Des questions telles que :

  • La distribution plastique dans les soudures est-elle admissible et conforme à la norme ?
  • La modélisation des soudures dans IDEA StatiCa ne conduit-elle pas à une surestimation de la résistance ?
  • Comment les exigences de l'article 4.9 de la norme EN 1993-1-8, selon lesquelles aucun calcul ne doit porter sur les propriétés de déformation des soudures, sont-elles prises en compte ?
  • Comment est traitée l’exigence selon laquelle les soudures doivent être suffisamment résistantes pour ne pas se rompre avant l’écoulement du matériau de base adjacent ?

Dans cet article, nous tentons de répondre à ces questions.

Comportement réel d'une soudure

Pour cela, il convient d’abord d’examiner le comportement réel d’une soudure. Cependant, la distribution réelle des contraintes ou des déformations dans une soudure d’angle, sous différentes combinaisons de charges, est difficile à déterminer avec précision. De plus, le matériau de base à proximité de la soudure et la soudure elle-même ne présentent pas des propriétés homogènes. C’est pourquoi de nombreux essais ont été réalisés dans le monde entier afin de mieux comprendre le comportement des soudures en cas de rupture.

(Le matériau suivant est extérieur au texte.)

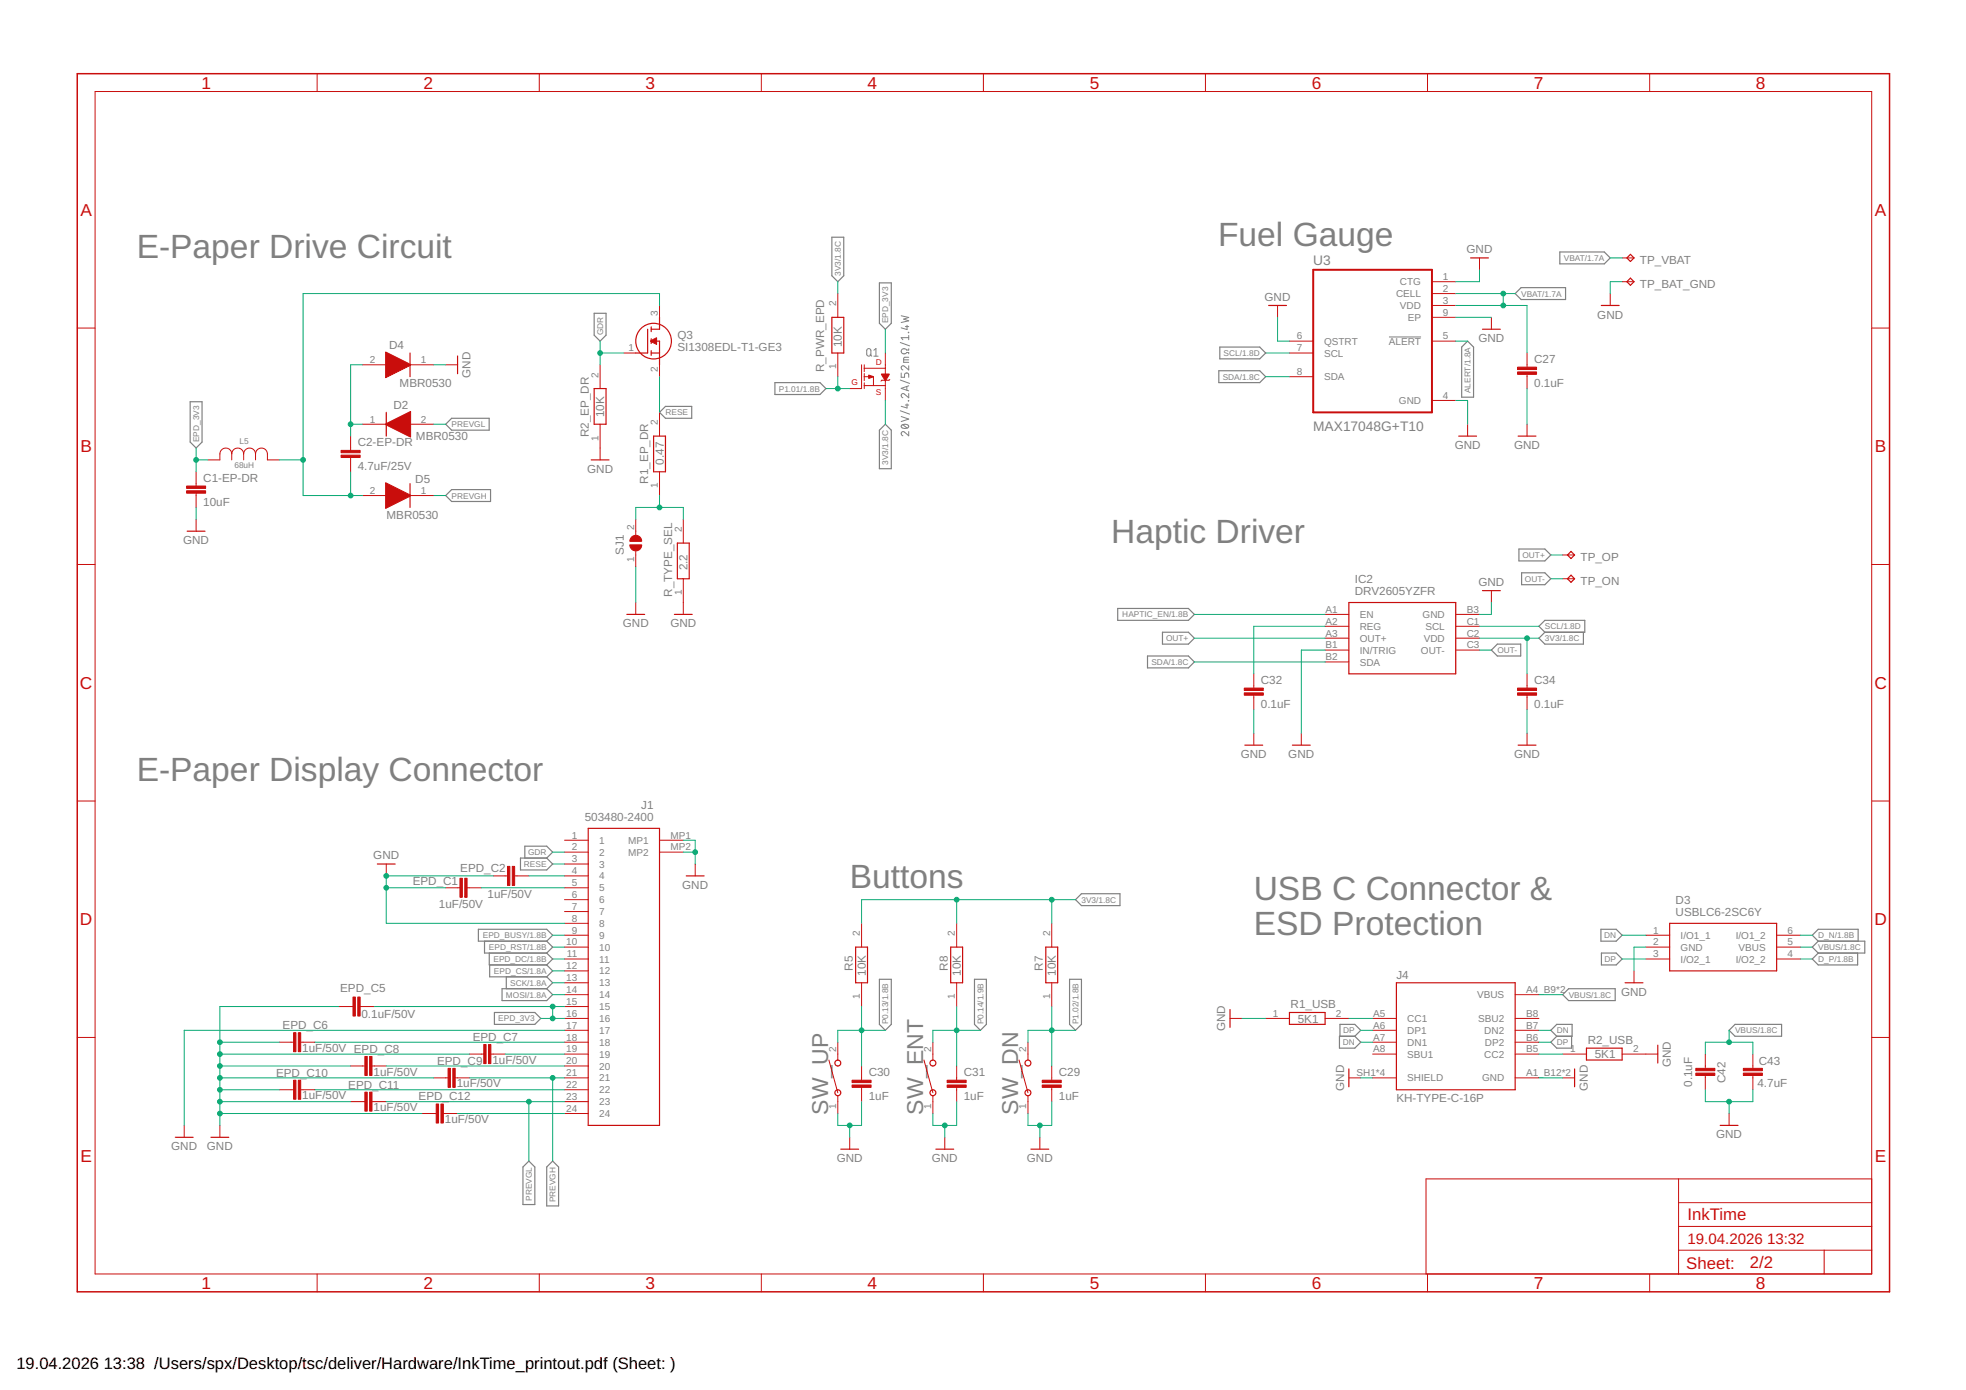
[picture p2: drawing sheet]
<svg xmlns="http://www.w3.org/2000/svg" width="420mm" height="297mm" viewBox="0 0 420 297" stroke-linecap="round" stroke-linejoin="round" font-family="sans-serif">
<g fill="none" stroke="#808080" stroke-width=".21">
<path d="M185.4 74.6l.3-.1 .3 .1 .1 1.1a.44 .44 0 0 1-.4 .4 .44 .44 0 0 1-.5-.4zM185.9 75.8l.4 .3M186.8 74.8l.4-.3v1.6M186.8 76.1h.9M192.4 73.2l2 .7M192.6 79.7v.9h.7v-.5a.45 .45 0 0 1 .5-.4 .45 .45 0 0 1 .4 .4v.5M192.6 67.5l1.6 .3-1.1 .4 1.1 .4-1.6 .3M193.1 76.9h1.1M193.5 69.8h.7M193.8 69.5v.9l-1.2-.3M194.1 71l.1 .1zM194.2 78.2v.9l-.9-.8a.44 .44 0 0 0-.7 .1 .44 .44 0 0 0 .4 .7"/>
<path d="M194.2 76.3l-.9 .1-.2 .2v.8h1.1M194.2 74.5v.3h-.4a.61 .61 0 0 0-1-.2 .61 .61 0 0 0 0 .9 .61 .61 0 0 0 1-.2h.4v.3M194.2 71.7v.9M194.2 72.2h-1.6l.4 .4M296.8 72h6.9M192.4 87.8l2 .7M192.4 81.2l2 .7M192.6 89l1.6 .6-1.6 .5M192.7 90.9a1 1 0 0 1 1.5 .2 .95 .95 0 0 1-1.6 0zM193 90.8l.8 .7M193.5 86.6h.7M193.8 82.6v.8"/>
<path d="M193.8 86.3v.9l-1.2-.4M194.1 85.6l.1 .1zM194.2 92.2v.9l-.9-.7a.45 .45 0 0 0-.7 .1 .45 .45 0 0 0 .4 .6M194.2 84.1v.9l-.9-.8a.44 .44 0 0 0-.7 .2 .44 .44 0 0 0 .4 .6M194.2 82.4l-1.6 .6 1.6 .5"/>
</g>
<g fill="none" stroke="#808080" stroke-width=".25">
<path d="M177.8 50.7h2.5v8.2l-1.3 1.3-1.2-1.3zM333.4 53.8h9.5l1.2 1.3-1.2 1.3h-9.5zM127 67h2.5v4.6l-1.3 1.3-1.2-1.3zM187.9 60.5h2.6v8.6l-1.3 1.3-1.3-1.3zM260.5 79.2h8.7l1.3 1.3-1.3 1.3h-8.7zM260.7 74.2h8.5l1.3 1.2-1.3 1.3h-8.5zM313.6 72.9l1.3 1.3v10.7h-2.5v-10.7zM323.8 62.7l1.3-1.2h9.5v2.5h-9.5zM40.6 85.9h2.6v8.6l-1.3 1.2-1.3-1.2zM96.5 89.4h8v2.5h-8l-1.3-1.2zM140.9 88.1l1.3-1.3h5.6v2.6h-5.6zM165.6 81.8h9.6l1.3 1.2-1.3 1.3h-9.6z"/>
<path d="M189.2 90.7l1.3 1.2v8.3h-2.6v-8.3zM95.2 105.9l1.3-1.3h8.3v2.6h-8.3zM324.6 117.3h5.6l1.2 1.3-1.2 1.3h-5.6zM238.9 130h15.1l1.2 1.3-1.2 1.3h-15.1zM248.4 135.1h5.6l1.2 1.3-1.2 1.2h-5.6zM318.7 138.9l1.3-1.3h5v2.6h-5zM325.2 122.4h5l1.2 1.3-1.2 1.2h-5zM328.9 133.8l1.3-1.2h8.5v2.5h-8.5zM330.2 135.1l-1.3 1.3 1.3 1.2h8.2v-2.5M245.2 140.2h8.8l1.2 1.3-1.2 1.2h-8.8zM102.2 198.6h14.6l1.3 1.3-1.3 1.2h-14.6zM111.2 183.4h5.6l1.3 1.2-1.3 1.3h-5.6z"/>
<path d="M112.2 183.4v-2.6h4.6l1.3 1.3-1.3 1.3M229.8 192.3l1.3-1.3h8.3v2.5h-8.3zM342.1 198.6h3.3l1.3 1.3-1.3 1.2h-3.3zM103.5 201.1v2.6h13.3M104.6 203.7v2.5h12.2M104.6 206.2v2.5h12.2M105.7 216.4h8.6l1.3 1.2-1.3 1.3h-8.6zM107.3 211.3h9.5l1.3 1.3-1.3 1.2h-9.5zM108.2 208.7v2.6M116.8 201.1l1.3 1.3-1.3 1.3M116.8 203.7l1.3 1.2-1.3 1.3M116.8 206.2l1.3 1.3-1.3 1.2"/>
<path d="M116.8 208.7l1.3 1.3-1.3 1.3M187.9 209.3h2.6v9.6l-1.3 1.3-1.3-1.3zM208.3 209.3h2.5v9.6l-1.3 1.3-1.2-1.3zM228.6 209.3h2.5v9.6l-1.3 1.3-1.2-1.3zM334 212.6l1.2-1.3h10v2.5h-10zM342.2 203.7h3.2l1.3 1.2-1.3 1.3h-3.2zM370.8 218.9h9.9v2.5h-9.9l-1.3-1.2zM388.6 201.1h9.9v2.6h-9.9M388.6 201.1l-1.3-1.2 1.3-1.3h8.5v2.5M388.6 203.7l-1.3 1.2 1.3 1.3h8.4v-2.5M388.6 201.1l-1.3 1.3 1.3 1.3M286.3 221.4h3.2l1.3 1.3-1.3 1.3h-3.2z"/>
<path d="M286.4 221.4v-2.5h3.1l1.3 1.3-1.3 1.2M331.4 220.2l1.3-1.3h3.3v2.5h-3.3zM332.7 221.4l-1.3 1.3 1.3 1.3h3.2v-2.6M113 248.1l1.3 1.3v8h-2.5v-8zM118.1 248.1l1.3 1.3v8.3h-2.6v-8.3z"/>
</g>
<g fill="none" stroke="#c90d0c" stroke-width=".21">
<path d="M20.3 19.6h379.7v252.6h-379.7zM67.8 15.7v3.9M115.3 15.7v3.9M162.7 15.7v3.9M210.2 15.7v3.9M257.6 15.7v3.9M305.1 15.7v3.9M352.6 15.7v3.9M316.2 55.1v2.6M346.7 55.1h2.5M16.5 70.1h3.8M77.5 78h5"/>
<path d="M87.6 78h5.1M95.2 78h2.6M128.2 78v5M133.3 75.4h2.6M140.9 65.3v2.5M140.9 78v2.5M179 62.7v5.1M179 75.4v5.1M184.1 78v5h-2.5M184.7 78v1.4M184.7 79.8v1.5M184.7 78.7h4.5"/>
<path d="M189.2 75.4v4.5M273 65.3v2.5M275.6 75.4h5M275.6 72.9h5M306 72.9h5.1M306 60.2h5.1M306 62.7h5.1M306 65.3h5.1M306 67.8h5.1M318.7 67.8v2.6M326.3 75.4v3.1M326.3 80v3"/>
<path d="M344.1 62.7v2.6M346.7 60.2h2.5M400 70.1h3.8M49.5 97a1.27 1.27 0 0 1 1.3-1.3 1.27 1.27 0 0 1 1.3 1.3M49.5 97a1.27 1.27 0 0 0-1.2-1.3 1.27 1.27 0 0 0-1.3 1.3v1.3h-2.6M49.5 97v1.3M52.1 97a1.27 1.27 0 0 1 1.2-1.3 1.27 1.27 0 0 1 1.3 1.3M52.1 97v1.3M54.6 97a1.27 1.27 0 0 1 1.3-1.3 1.27 1.27 0 0 1 1.2 1.3v1.3h2.6M54.6 97v1.3M74.9 93.2v3M74.9 97.8v3"/>
<path d="M77.5 90.7h5M87.6 90.7h5.1M128.2 90.7v7.6M140.9 88.1v5.1M184.7 81.8v1.2M184.7 82.4h4.5M184.7 80.5h2v1.9M189.2 81.3v4.3M190.2 81.1l-.2 .2h-1.6l-.1 .1M275.6 80.5h5M306 85.6h5.1M313.6 90.7v2.5"/>
<path d="M326.3 90.7v2.5M41.9 100.8v3.1M41.9 105.4v3M41.9 111v2.5M77.5 105.9h5M87.6 105.9h5.1M135.9 111v3.4M135.9 117.7v3.4M140.9 100.8v5.1M146 111v5.1M334 118.6h2.5M16.5 120.6h3.8"/>
<path d="M135.9 128.8v2.5M146 123.7v7.6M283.2 131.3h5.1M283.2 133.8h5.1M283.2 136.4h5.1M283.2 138.9h5.1M311.1 131.3h5.1M311.1 133.8h5.1M311.1 136.4h5.1M311.1 138.9h5.1M318.7 126.2v2.6M334 123.7h2.5"/>
<path d="M400 120.6h3.8M267.9 144v3M267.9 148.6v3M267.9 156.7v2.5M278.1 156.7v2.5M283.2 141.5h5.1M326.3 144v3M326.3 148.6v3M326.3 156.7v2.5M16.5 171.2h3.8M120.6 179.6h5.1M140.9 179.6h5.1"/>
<path d="M400 171.2h3.8M82.5 184.6v2.6M95.2 189.7h3.1M99.8 189.7h3.1M105.4 187.2h3.1M110 187.2h3M120.6 182.1h5.1M120.6 184.6h5.1M120.6 187.2h5.1M120.6 189.7h5.1M120.6 192.3h5.1M120.6 194.8h5.1"/>
<path d="M120.6 197.3h5.1M120.6 199.9h5.1M140.9 182.1h5.1M148.6 184.6v2.6M184.1 197.3v5.1M204.4 197.3v5.1M224.8 197.3v5.1M351.7 199.9h5.1M379.7 199.9h5.1M72.4 215.1h3M77 215.1h3M120.6 202.4h5.1"/>
<path d="M120.6 204.9h5.1M120.6 207.5h5.1M120.6 210h5.1M120.6 212.6h5.1M120.6 215.1h5.1M120.6 217.6h5.1M184.1 210v5.1M204.4 210v5.1M224.8 210v5.1M262.9 217.6h2.5M270.5 217.6h5.1M283.2 217.6h5.1"/>
<path d="M293.3 217.6h5.1M323.8 212.6h5.1M323.8 217.6h5.1M349.2 207.5v2.5M351.7 202.4h5.1M351.7 204.9h5.1M379.7 202.4h5.1M379.7 204.9h5.1M16.5 221.7h3.8M59.7 222.7h3M59.7 232.9h3M64.3 222.7h3"/>
<path d="M64.3 232.9h3M74.9 227.8h3.1M74.9 235.4h3.1M79.5 227.8h3M79.5 235.4h3M90.2 238h3M92.7 230.3h3.1M94.7 238h3.1M97.3 230.3h3M100.3 225.3h3.1M104.9 225.3h3M120.6 220.2h5.1"/>
<path d="M120.6 222.7h5.1M120.6 225.3h5.1M120.6 227.8h5.1M120.6 230.3h5.1M120.6 232.9h5.1M120.6 235.4h5.1M120.6 238h5.1M177.1 226.5l1.9 7M179 222.7v3.8M179 234.1v3.9M184.1 227.8v3M184.1 232.4v3"/>
<path d="M197.5 226.5l1.9 7M199.4 222.7v3.8M199.4 234.1v3.9M204.4 227.8v3M204.4 232.4v3M217.8 226.5l1.9 7M219.7 222.7v3.8M219.7 234.1v3.9M224.8 227.8v3M224.8 232.4v3M288.3 230.3h2.5M293.3 220.2h5.1"/>
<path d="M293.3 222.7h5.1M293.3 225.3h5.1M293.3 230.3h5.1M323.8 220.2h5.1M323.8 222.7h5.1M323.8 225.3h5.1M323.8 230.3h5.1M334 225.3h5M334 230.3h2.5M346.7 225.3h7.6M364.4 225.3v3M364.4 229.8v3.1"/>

Prenons l’exemple d’un assemblage soudé à bride soumis à une charge longitudinale. Comme pour les assemblages boulonnés, la répartition des contraintes n’est pas uniforme. Néanmoins, on peut indiquer qualitativement quelle serait la répartition des contraintes dans la soudure : les contraintes les plus élevées apparaissent aux extrémités.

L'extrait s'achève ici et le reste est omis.